### RECORDS TO PROCESS

****

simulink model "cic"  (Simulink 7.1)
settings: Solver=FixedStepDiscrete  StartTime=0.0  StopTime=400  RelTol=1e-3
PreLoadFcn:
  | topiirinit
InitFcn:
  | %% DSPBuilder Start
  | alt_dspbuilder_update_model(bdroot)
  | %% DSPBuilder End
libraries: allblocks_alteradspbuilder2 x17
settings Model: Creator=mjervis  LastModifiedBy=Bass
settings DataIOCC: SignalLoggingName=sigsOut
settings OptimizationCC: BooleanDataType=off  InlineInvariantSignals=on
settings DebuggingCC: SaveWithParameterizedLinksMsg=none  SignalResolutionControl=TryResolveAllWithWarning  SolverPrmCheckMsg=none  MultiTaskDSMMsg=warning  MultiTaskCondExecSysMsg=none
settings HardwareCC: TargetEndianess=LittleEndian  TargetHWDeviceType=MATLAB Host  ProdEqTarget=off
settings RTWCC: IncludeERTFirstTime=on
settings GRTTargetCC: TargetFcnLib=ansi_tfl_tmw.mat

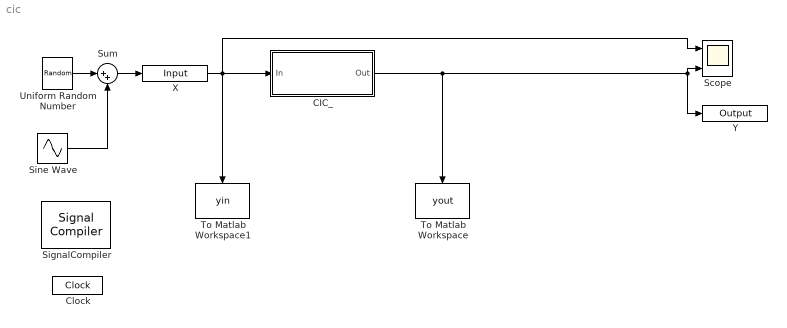
== system cic ==
  CIC_ : Subsystem
  Clock : allblocks_alteradspbuilder2/Clock  ClockPeriod=16  ClockPeriodUnit=ns  SampleTime=1  SimulationStartCycle=5  PhaseOffset=0  Reset=aclr  ResetType=Active Low  Export=off
  Scope : Scope  NumInputPorts=2
      settings: TimeRange=100  YMin=-0.1~-1000  YMax=0.4~1000
  SignalCompiler : allblocks_alteradspbuilder2/Signal Compiler  DeviceFamily=Cyclone  DeviceName=AUTO  EnableSignalTap=off  SignalTapDepth=128  UseBoardBlock=off  StpUseDefaultClock=on  StpClock=Clock  ExportDir=C:\Documents and Settings\Bass\My Documents\MATLAB
  Sine Wave : Sin  SineType=Sample based  TimeSource=Use external signal  Amplitude=1000  Frequency=0.25  Samples=5  SampleTime=0
  Sum : Sum  Inputs=|++  OutDataType=sfix(16)  OutScaling=2^0
  To Matlab Workspace : ToWorkspace  VariableName=yout  SampleTime=-1  SaveFormat=Array
      settings: Orientation=down
  To Matlab Workspace1 : ToWorkspace  VariableName=yin  SampleTime=-1  SaveFormat=Array
      settings: Orientation=down
  Uniform Random Number : UniformRandomNumber  Minimum=0  SampleTime=1
  X : allblocks_alteradspbuilder2/Input  iofile=C:\Documents and Settings\Bass\My Documents\MATLAB\MFC_Simul\CIC\tb_cic\cic_X.salt  BusType=Signed Integer  bwl=12  bwr=8  SpecifyClock=off  PORTTYPE=Input  externalType=Inferred  allowFloatingPointOverride=on  logOutputs=off
  Y : allblocks_alteradspbuilder2/Output  iofile=C:\Documents and Settings\Bass\My Documents\MATLAB\MFC_Simul\CIC\tb_cic\cic_Y.capture  BusType=Signed Integer  bwl=16  bwr=12  externalType=Inferred  PORTTYPE=Output  allowFloatingPointOverride=on  logOutputs=off
  wires:
  X/1 -> Scope/1, To Matlab Workspace1/1, CIC_/1(In)
  Sum/1 -> X/1
  Uniform Random Number/1 -> Sum/1
  Sine Wave/1 -> Sum/2
  CIC_/1(Out) -> To Matlab Workspace/1, Scope/2, Y/1

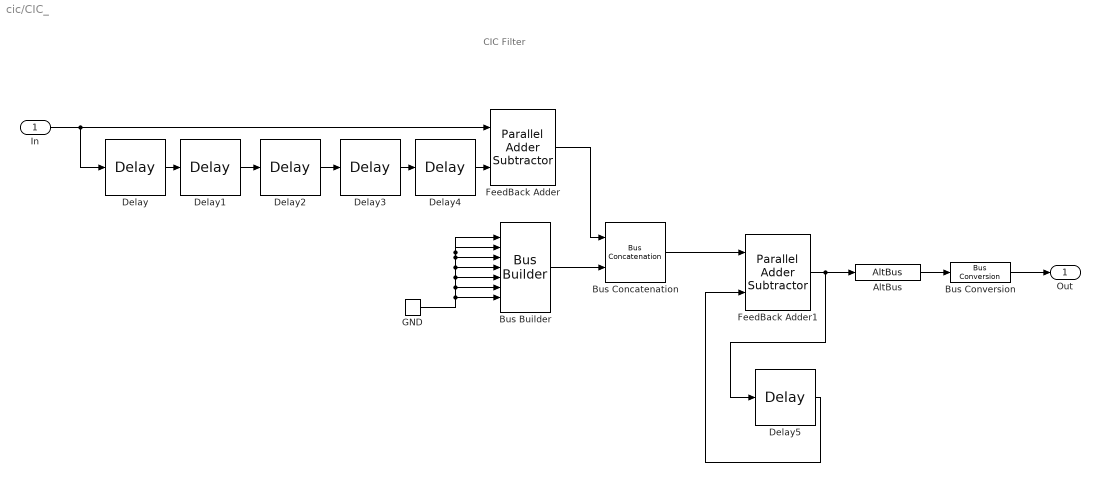
== system cic/CIC_ ==
  note: CIC Filter
  In : Inport  OutDataType=sfix(16)  OutScaling=2^0
  AltBus : allblocks_alteradspbuilder2/AltBus  BusType=Signed Integer  bwl=19  bwr=0  saturate=off  floatingPointInput=on  floatingPointOutput=on  logOutputs=off  logFile=C:\Documents and Settings\Bass\My Documents\MATLAB\MFC_Simul\CIC\tb_cic\cic_CIC%5F_AltBus.fixedpointlog
  Bus Builder : allblocks_alteradspbuilder2/Bus Builder  BusType=Signed Integer  bwl=7  bwr=1  pipeline_display=0
  Bus Concatenation : allblocks_alteradspbuilder2/Bus Concatenation  isSigned=off  awidth=12  bwidth=7  pipeline_display=0
  Bus Conversion : allblocks_alteradspbuilder2/Bus Conversion  BusType=Signed Integer  ibwl=19  ibwr=1  bwl=16  bwr=1  bitToConnectToOutputLSB=3  round=off  saturate=off  pipeline_display=0
  Delay : allblocks_alteradspbuilder2/Delay  pipeline=1  pipeline_display=1  ClockPhase=1  use_ena=off  use_sclr=off  allowFloatingPointOverride=on  logOutputs=off  logFile=C:\Documents and Settings\Bass\My Documents\MATLAB\MFC_Simul\CIC\tb_cic\cic_CIC%5F_Delay.fixedpointlog  use_init=off  reset_value=1
  Delay1 : allblocks_alteradspbuilder2/Delay  pipeline=1  pipeline_display=1  ClockPhase=1  use_ena=off  use_sclr=off  allowFloatingPointOverride=on  logOutputs=off  logFile=C:\Documents and Settings\Bass\My Documents\MATLAB\MFC_Simul\CIC\tb_cic\cic_CIC%5F_Delay1.fixedpointlog  use_init=off  reset_value=1
  Delay2 : allblocks_alteradspbuilder2/Delay  pipeline=1  pipeline_display=1  ClockPhase=1  use_ena=off  use_sclr=off  allowFloatingPointOverride=on  logOutputs=off  logFile=C:\Documents and Settings\Bass\My Documents\MATLAB\MFC_Simul\CIC\tb_cic\cic_CIC%5F_Delay2.fixedpointlog  use_init=off  reset_value=1
  Delay3 : allblocks_alteradspbuilder2/Delay  pipeline=1  pipeline_display=1  ClockPhase=1  use_ena=off  use_sclr=off  allowFloatingPointOverride=on  logOutputs=off  logFile=C:\Documents and Settings\Bass\My Documents\MATLAB\MFC_Simul\CIC\tb_cic\cic_CIC%5F_Delay3.fixedpointlog  use_init=off  reset_value=1
  Delay4 : allblocks_alteradspbuilder2/Delay  pipeline=1  pipeline_display=1  ClockPhase=1  use_ena=off  use_sclr=off  allowFloatingPointOverride=on  logOutputs=off  logFile=C:\Documents and Settings\Bass\My Documents\MATLAB\MFC_Simul\CIC\tb_cic\cic_CIC%5F_Delay4.fixedpointlog  use_init=off  reset_value=1
  Delay5 : allblocks_alteradspbuilder2/Delay  pipeline=1  pipeline_display=1  ClockPhase=1  use_ena=off  use_sclr=off  allowFloatingPointOverride=on  logOutputs=off  logFile=C:\Documents and Settings\Bass\My Documents\MATLAB\MFC_Simul\CIC\tb_cic\cic_CIC%5F_Delay5.fixedpointlog  use_init=off  reset_value=1
  FeedBack Adder : allblocks_alteradspbuilder2/Parallel Adder Subtractor  number_of_inputs=2  direction=+-  use_pipeline=on  pipeline_display=1  phase_selection=1  use_ena=off  use_aclr=off  allowFloatingPointOverride=on  logOutputs=off  logFile=C:\Documents and Settings\Bass\My Documents\MATLAB\MFC_Simul\CIC\tb_cic\cic_CIC%5F_FeedBack+Adder.fixedpointlog
  FeedBack Adder1 : allblocks_alteradspbuilder2/Parallel Adder Subtractor  number_of_inputs=2  direction=++  use_pipeline=on  pipeline_display=1  phase_selection=1  use_ena=off  use_aclr=off  allowFloatingPointOverride=on  logOutputs=off  logFile=C:\Documents and Settings\Bass\My Documents\MATLAB\MFC_Simul\CIC\tb_cic\cic_CIC%5F_FeedBack+Adder1.fixedpointlog
  GND : allblocks_alteradspbuilder2/GND  SpecifyClock=off
  Out : Outport  OutDataType=sfix(16)  OutScaling=2^0
  wires:
  In/1 -> FeedBack Adder/1, Delay/1
  Delay/1 -> Delay1/1
  Delay1/1 -> Delay2/1
  Delay2/1 -> Delay3/1
  Delay3/1 -> Delay4/1
  Delay4/1 -> FeedBack Adder/2
  Delay5/1 -> FeedBack Adder1/2
  FeedBack Adder1/1 -> Delay5/1, AltBus/1
  AltBus/1 -> Bus Conversion/1
  Bus Conversion/1 -> Out/1
  FeedBack Adder/1 -> Bus Concatenation/1
  Bus Concatenation/1 -> FeedBack Adder1/1
  Bus Builder/1 -> Bus Concatenation/2
  GND/1 -> Bus Builder/7, Bus Builder/1, Bus Builder/2, Bus Builder/3, Bus Builder/4, Bus Builder/5, Bus Builder/6

****

### WORK ITEM
Find each line holding the string "Wave" in the listing above, then copy it.

### SOLUTION FOR THIS EXERCISE
  Sine Wave : Sin  SineType=Sample based  TimeSource=Use external signal  Amplitude=1000  Frequency=0.25  Samples=5  SampleTime=0
  Sine Wave/1 -> Sum/2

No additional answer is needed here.